5) The remaining eight teams are reseeded as necessary, with the quarterfinals taking place at the sites of the Rose, Fiesta, Sugar and Orange bowls on New Year's day. Conference tie-ins are to be respected with regard to the higher ranked team wherever possible.
Let's say that Auburn and West Virginia spring upsets. The quarterfinals look like this
Rose Bowl: 11 Auburn vs. 1 USC (Pac 10 champ)
Fiesta Bowl: 9 West Virginia vs. 2 Texas (Big XII champ)
Sugar Bowl: 5 VA Tech vs. 4 LSU (SEC champ since the title game doesn't exist here)
Orange Bowl: 7 Oregon vs. 3 Penn St
6) The (reseeded) winners meet in semifinal match-ups the second Saturday after New Year's Day, one being held alternatingly at the Rose/Fiesta Bowl and the other between the Sugar/Orange Bowls (If the highest ranked team is Pac-10, Big 10 or Big XII, it hosts the Rose/Fiesta semi; ACC/SEC/Big East number 1's would host in the Sugar/Orange).
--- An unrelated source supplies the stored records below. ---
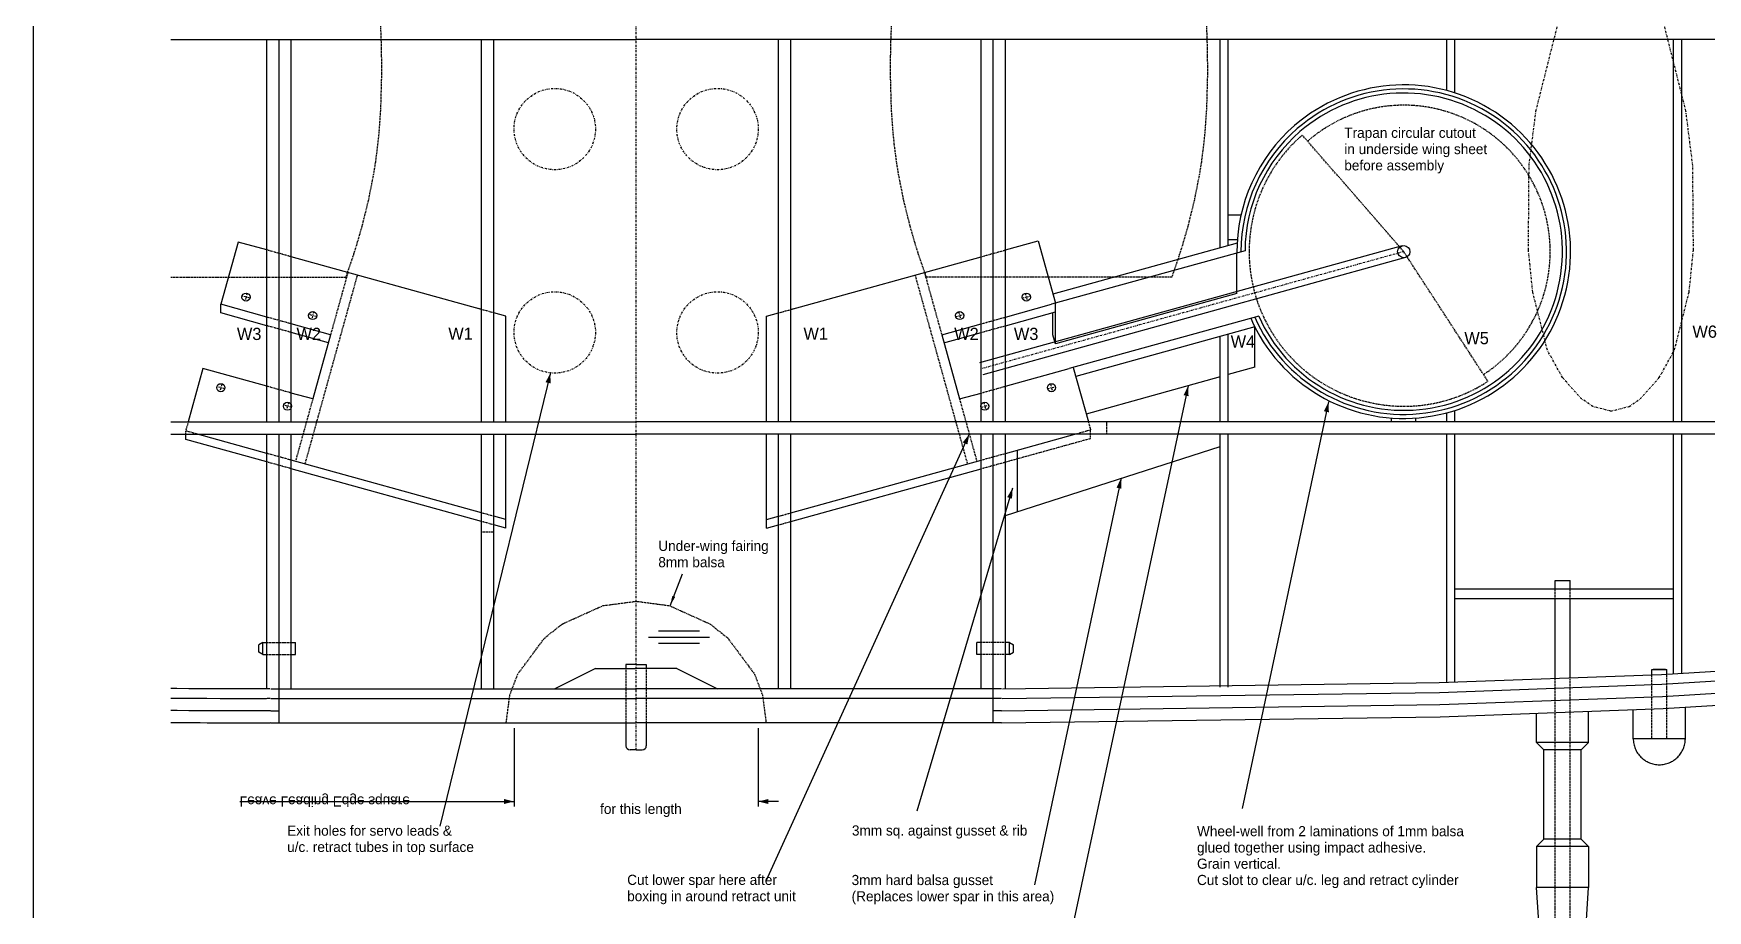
# Model space of a CAD drawing. Extents: x -1638 to 412, y -412 to 1290.
# Drawn here: x -1618.5 to -1207.1, y -52.7 to 162.9 of the extents above; entities that cross this region are included whole.
import ezdxf
from ezdxf.enums import TextEntityAlignment as Align

# ---------------------------------------------------------------- set-up
doc = ezdxf.new("R2010")
doc.units = 0
doc.linetypes.add('DASHDOT', pattern=[1, 0.5, -0.25, 0, -0.25])
doc.linetypes.add('HIDDEN', pattern=[0.375, 0.25, -0.125])
doc.layers.get('DEFPOINTS').update_dxf_attribs({"linetype": 'CONTINUOUS'})
for name, color, linetype in [('1', 7, 'CONTINUOUS'), ('3', 7, 'CONTINUOUS'), ('6', 7, 'CONTINUOUS'), ('7', 7, 'CONTINUOUS'), ('8', 7, 'CONTINUOUS')]:
    doc.layers.add(name, color=color, linetype=linetype)
doc.styles.add('txt', font='TXT', dxfattribs={"height": 0.2})
doc.dimstyles.new('MSADIM', dxfattribs={"dimtxt": 2.5, "dimasz": 2.5, "dimexe": 1.25, "dimexo": 1.25, "dimgap": 1.25, "dimtad": 1, "dimzin": 2, "dimcen": 1.25, "dimazin": 3, "dimtfac": 1, "dimtofl": 0, "dimtmove": 0, "dimatfit": 3, "dimtvp": 1.25})

# ---------------------------------------------------------------- blocks, each defined once
blk = doc.blocks.new('*D140')
at = {"layer": '7', "color": 215, "linetype": 'CONTINUOUS'}
blk.add_line((0, 0), (-29.7766, -139.0594), dxfattribs=at)
blk.add_solid([(-1.1346, -2.3137), (0, 0), (0.0877, -2.5754)], dxfattribs=at)
blk = doc.blocks.new('*D142')
at = {"layer": '7', "color": 215, "linetype": 'CONTINUOUS'}
blk.add_line((0, 0), (-27.1768, -111.4368), dxfattribs=at)
blk.add_solid([(-1.1995, -2.2807), (0, 0), (0.0149, -2.5769)], dxfattribs=at)
blk = doc.blocks.new('*D154')
at = {"layer": '7', "color": 215, "linetype": 'CONTINUOUS'}
blk.add_line((0, 0), (-49.961, -109.8671), dxfattribs=at)
blk.add_solid([(-1.6038, -2.017), (0, 0), (-0.4659, -2.5345)], dxfattribs=at)
blk = doc.blocks.new('*D157')
at = {"layer": '7', "color": 215, "linetype": 'CONTINUOUS'}
blk.add_line((0, 0), (-21.234, -99.9828), dxfattribs=at)
blk.add_solid([(-1.1307, -2.3156), (0, 0), (0.092, -2.5753)], dxfattribs=at)
blk = doc.blocks.new('*D158')
at = {"layer": '7', "color": 215, "linetype": 'CONTINUOUS'}
blk.add_line((0, 0), (-23.524, -79.4238), dxfattribs=at)
blk.add_solid([(-1.3092, -2.2196), (0, 0), (-0.1107, -2.5746)], dxfattribs=at)
blk = doc.blocks.new('*D159')
at = {"layer": '7', "color": 215, "linetype": 'CONTINUOUS'}
blk.add_line((0, 0), (-21.234, -99.9828), dxfattribs=at)
blk.add_solid([(-1.1307, -2.3156), (0, 0), (0.092, -2.5753)], dxfattribs=at)
blk = doc.blocks.new('*D164')
at = {"layer": '7', "color": 215, "linetype": 'CONTINUOUS'}
for p, q in [((-1500.3562, -7.8631), (-1500.3562, -27.1627)), ((-1440.3562, -7.8631), (-1440.3562, -27.1627)), ((-1567.7873, -25.9127), (-1500.3562, -25.9127)), ((-1435.3562, -25.9127), (-1440.3562, -25.9127))]:
    blk.add_line(p, q, dxfattribs=at)
for points in [[(-1502.8562, -25.2877), (-1500.3562, -25.9127), (-1502.8562, -25.2877), (-1502.8562, -26.5377)], [(-1437.8562, -26.5377), (-1440.3562, -25.9127), (-1437.8562, -26.5377), (-1437.8562, -25.2877)]]:
    blk.add_solid(points, dxfattribs=at)
at = {"layer": 'DEFPOINTS', "color": 0, "linetype": 'BYBLOCK'}
for p in [(-1500.3562, -6.6131), (-1440.3562, -6.6131), (-1537.19675, -24.6627), (-1500.3562, -25.9127)]:
    blk.add_point(p, dxfattribs=at).dxf.unprotected_set("ltscale", 0)
at = {"layer": '7', "color": 215, "linetype": 'CONTINUOUS', "style": 'txt', "text_generation_flag": 4}
blk.add_text('Leave Leading Edge square', height=2.5, dxfattribs=at).set_placement((-1567.7873, -24.6627))
blk = doc.blocks.new('*D170')
at = {"layer": '7', "color": 215, "linetype": 'CONTINUOUS'}
blk.add_line((0, 0), (3.0969, 7.83), dxfattribs=at)
blk.add_solid([(1.2682, 2.1868), (0, 0), (0.5708, 2.4627)], dxfattribs=at)

msp = doc.modelspace()

# ---------------------------------------------------------------- linework, layer by layer
at = {"layer": '3', "color": 166, "linetype": 'DASHDOT'}
for p, q in [((-1470.3562, -13.2131), (-1470.3562, 293.4286)), ((-1281.7272, 109.2488), (-1385.5562, 80.4545)), ((-1565.9606, 99.0475), (-1566.4952, 97.1202)), ((-1374.7516, 99.0475), (-1374.2172, 97.1202)), ((-1565.2642, 97.8165), (-1567.1916, 98.351)), ((-1375.448, 97.8165), (-1373.5208, 98.351)), ((-1548.8826, 93.2735), (-1550.8098, 93.808)), ((-1549.579, 94.5044), (-1550.1136, 92.5771)), ((-1391.8298, 93.2735), (-1389.9024, 93.808)), ((-1391.1334, 94.5044), (-1390.5988, 92.5771)), ((-1571.4454, 75.5308), (-1573.3726, 76.0653)), ((-1572.1418, 76.7618), (-1572.6764, 74.8345)), ((-1369.267, 75.5308), (-1367.3396, 76.0653)), ((-1368.5704, 76.7618), (-1368.036, 74.8345)), ((-1555.0636, 70.9878), (-1556.991, 71.5223)), ((-1555.7602, 72.2187), (-1556.2946, 70.2914)), ((-1385.6486, 70.9878), (-1383.7214, 71.5223)), ((-1384.9522, 72.2187), (-1384.4176, 70.2914))]:
    msp.add_line(p, q, dxfattribs=at)
at = {"layer": '3', "color": 5, "linetype": 'CONTINUOUS'}
for p, q in [((-1584.6944, 161.3869), (-1470.3562, 161.3869)), ((-1561.102, 67.3869), (-1561.102, 161.3869)), ((-1558.102, 67.3869), (-1558.102, 161.3869)), ((-1555.102, 67.3869), (-1555.102, 161.3869)), ((-1508.3562, 67.3869), (-1508.3562, 161.3869)), ((-1505.3562, 67.3869), (-1505.3562, 161.3869)), ((-941.0398, 161.3869), (-1470.3562, 161.3869)), ((-1435.3562, 67.3869), (-1435.3562, 161.3869)), ((-1432.3562, 67.3869), (-1432.3562, 161.3869)), ((-1385.6104, 67.3869), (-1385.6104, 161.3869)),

Those winners would meet the following Saturday in the championship game, which would rotate among all four bowl sites, but never so that any one site would host a quarterfinal, semifinal, and championship game in the same postseason.
There you have it. A grand total of four teams exceed 13 games a year, so you academic critics who conveniently ignore that half the players aren't on track to graduate anyway can stand down. The bowls are preserved, New Years Day is restored, traditions are respected and we can finally all agree on who the champion is. Oh, and the bazillion dollar TV deal that would come with this system sure wouldn't hurt anyone's feelings either.
Trenchman003 (Sgt. Jeremy Lehman, USMC Reserve) was born and raised in and around Portland, OR. A graduate of the University of Portland, he majored in journalism and was editor of the sports section of "The Beacon," which was named best section of any college weekly publication in Oregon for the 1998-99 academic year by the Oregon Newspaper's Association. He enlisted in the Marines in August 1998, served in Operation Iraqi Freedom, and wishes for the safe and speedy return of his brothers and sisters in arms bravely serving overseas. He lives with his wife Diana in Vancouver, WA.
Oh, and he likes sports too. Specifically the San Francisco 49ers, Atlanta Braves, Oregon Ducks, North Carolina Tar Heels, Colorado Avalanche and (he's no longer ashamed to admit) the Portland Trail Blazers.